Previous studies have revealed that the overexpression of YAP/TAZ promotes the proliferation of cancer cells. Wang et al (25) reported that TAZ promoted cell growth and inhibited celastrol-induced cell apoptosis. In addition, the overexpression of TAZ was shown to enhance cell proliferation, migration and epithelial-mesenchymal transition (EMT) in ovarian cancer (26). In support of these findings, the present study observed that the overexpression of TAZ promoted cell growth and invasion, whereas the depletion of TAZ inhibited cell growth and invasion. TAZ has also been shown to promote EMT and support pancreatic cancer progression (27). In accordance, the knockdown of TAZ modifies cell sensitivity to EGFR inhibitors in triple-negative breast cancer cells (28). TAZ and YAP regulate pancreatic cancer initiation in mice via the direct upregulation of JAK-STAT3 signaling (29). Further investigation is required to examine the mechanism underlying TAZ-induced ovarian tumorigenesis.

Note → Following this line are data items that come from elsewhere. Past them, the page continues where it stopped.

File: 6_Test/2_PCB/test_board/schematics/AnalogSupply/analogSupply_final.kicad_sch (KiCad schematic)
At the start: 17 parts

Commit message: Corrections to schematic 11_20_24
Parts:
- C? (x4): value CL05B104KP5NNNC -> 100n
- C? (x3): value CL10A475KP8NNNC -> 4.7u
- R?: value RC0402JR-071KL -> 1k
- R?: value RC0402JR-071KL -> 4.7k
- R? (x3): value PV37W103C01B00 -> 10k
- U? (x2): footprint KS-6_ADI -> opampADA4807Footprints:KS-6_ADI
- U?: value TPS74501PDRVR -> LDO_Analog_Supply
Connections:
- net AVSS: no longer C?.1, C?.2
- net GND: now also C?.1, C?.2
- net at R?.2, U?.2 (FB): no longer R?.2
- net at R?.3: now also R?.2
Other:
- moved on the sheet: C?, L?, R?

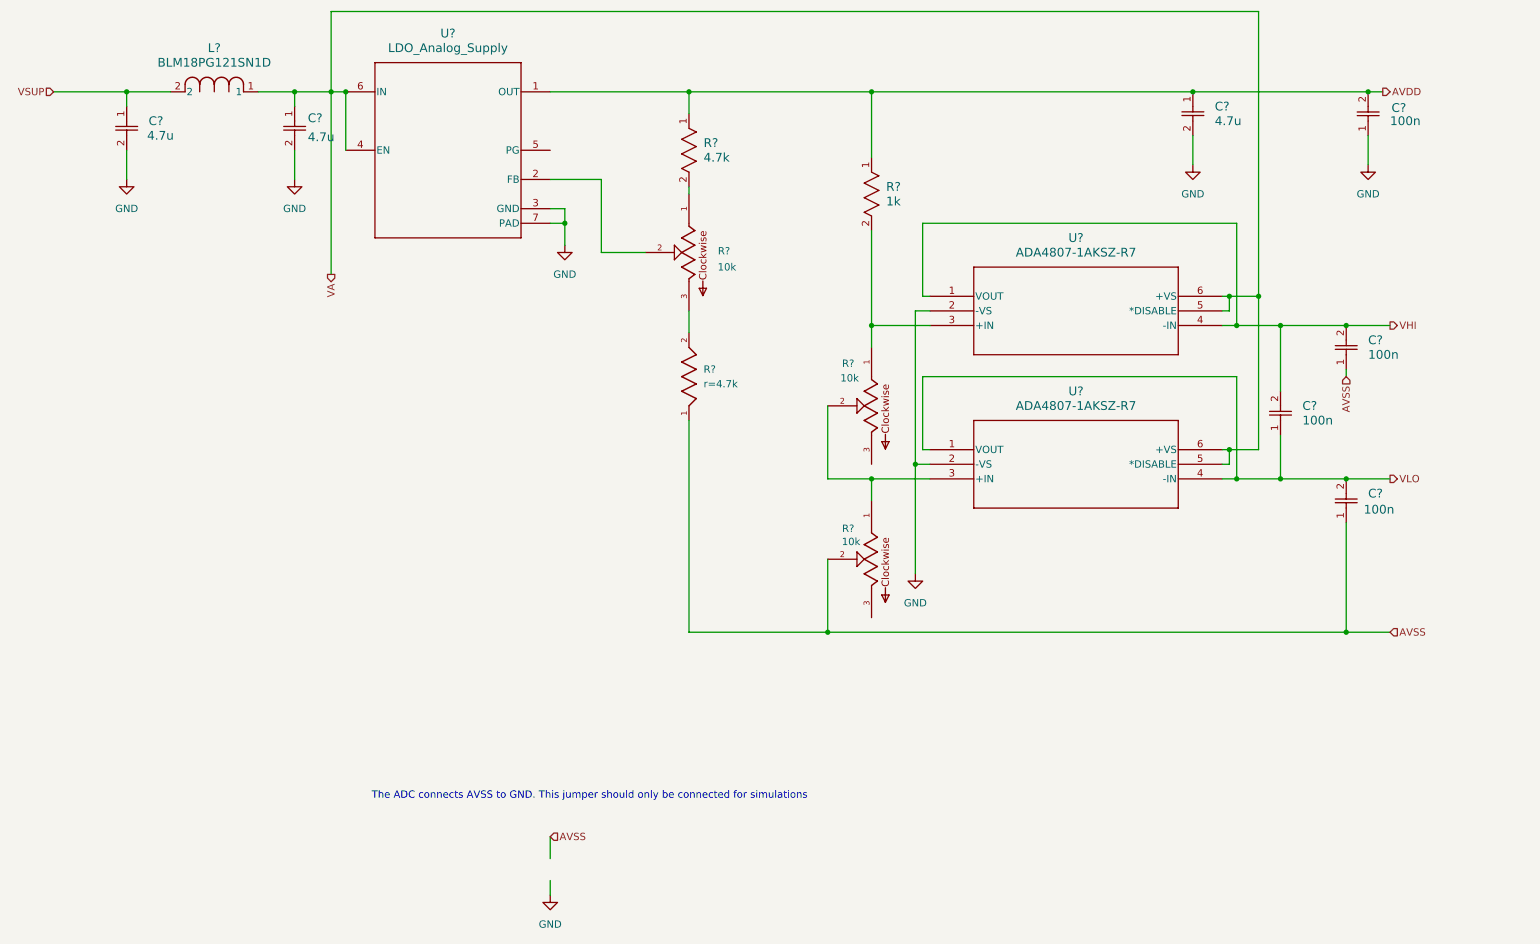
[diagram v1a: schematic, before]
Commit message: Revert "Corrections to schematic 11_20_24"
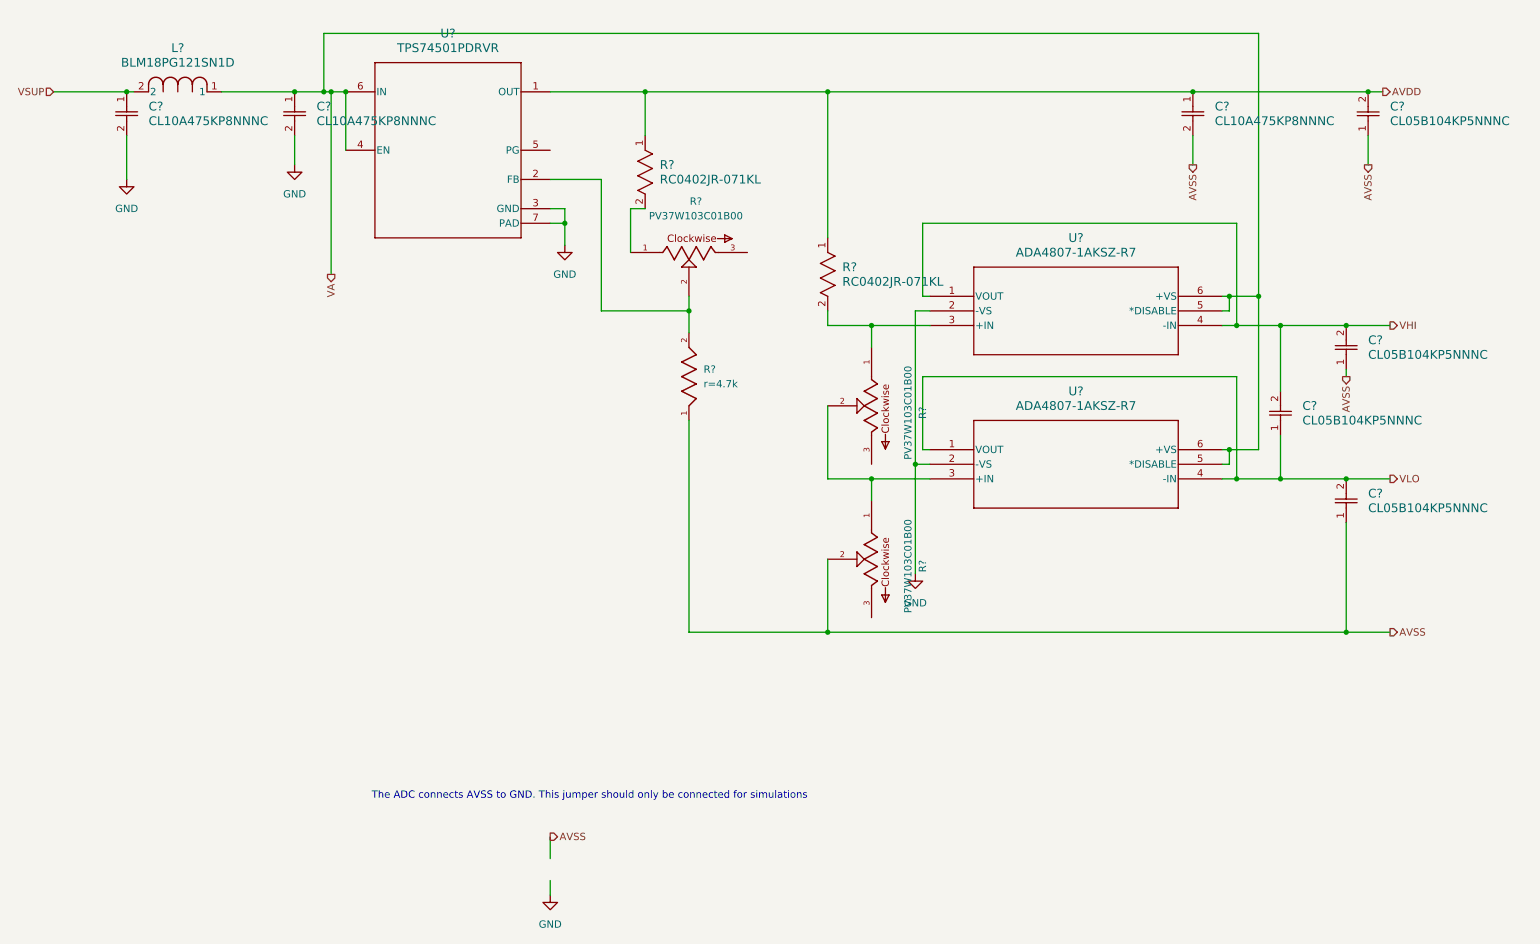
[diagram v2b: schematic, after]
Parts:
- C? (x4): value 100n -> CL05B104KP5NNNC
- C? (x3): value 4.7u -> CL10A475KP8NNNC
- R?: value 1k -> RC0402JR-071KL
- R?: value 4.7k -> RC0402JR-071KL
- R? (x3): value 10k -> PV37W103C01B00
- U? (x2): footprint opampADA4807Footprints:KS-6_ADI -> KS-6_ADI
- U?: value LDO_Analog_Supply -> TPS74501PDRVR
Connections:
- net AVSS: now also C?.1, C?.2
- net GND: no longer C?.1, C?.2
- net at R?.2: now also R?.2, U?.2 (FB); no longer R?.3
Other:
- moved on the sheet: C?, L?, R?

As TAZ is a key oncoprotein, it is important to identify its inhibitors. Several groups have identified multiple inhibitors of TAZ. It has been reported that statins attenuate cell proliferative ability and induce apoptosis through TAZ in HCC cells (30), and statins have been shown to improve the prognosis of patients with HCC (30). Curcumin has been reported to downregulate the expression of TAZ in pancreatic cancer cells (31). In accordance, curcumin promotes the degradation of Krueppel-like factor 5 via the downregulation of YAP/TAZ in bladder cancer cells (32). Dasatinib, statins and pazopanid have been shown to inhibit the nuclear localization of TAZ via inducting the phosphorylation of TAZ (33). Pazopanib has also been shown to induce the proteasomal degradation of YAP/TAZ (33). The present study identified rottlerin as a potential inhibitor of TAZ in HCC. The present study confirmed that the rottlerin-induced inhibition of cell proliferation, induction of cell apoptosis and cell cycle arrest, and suppression of cell invasion and migration in HCC occurred partly through the downregulation of TAZ. Therefore, the inhibition of TAZ by rottlerin may be an effective approach for the treatment of HCC. Further investigations are required to investigate the functions of rottlerin in additional HCC cell lines and in HCC in vivo models.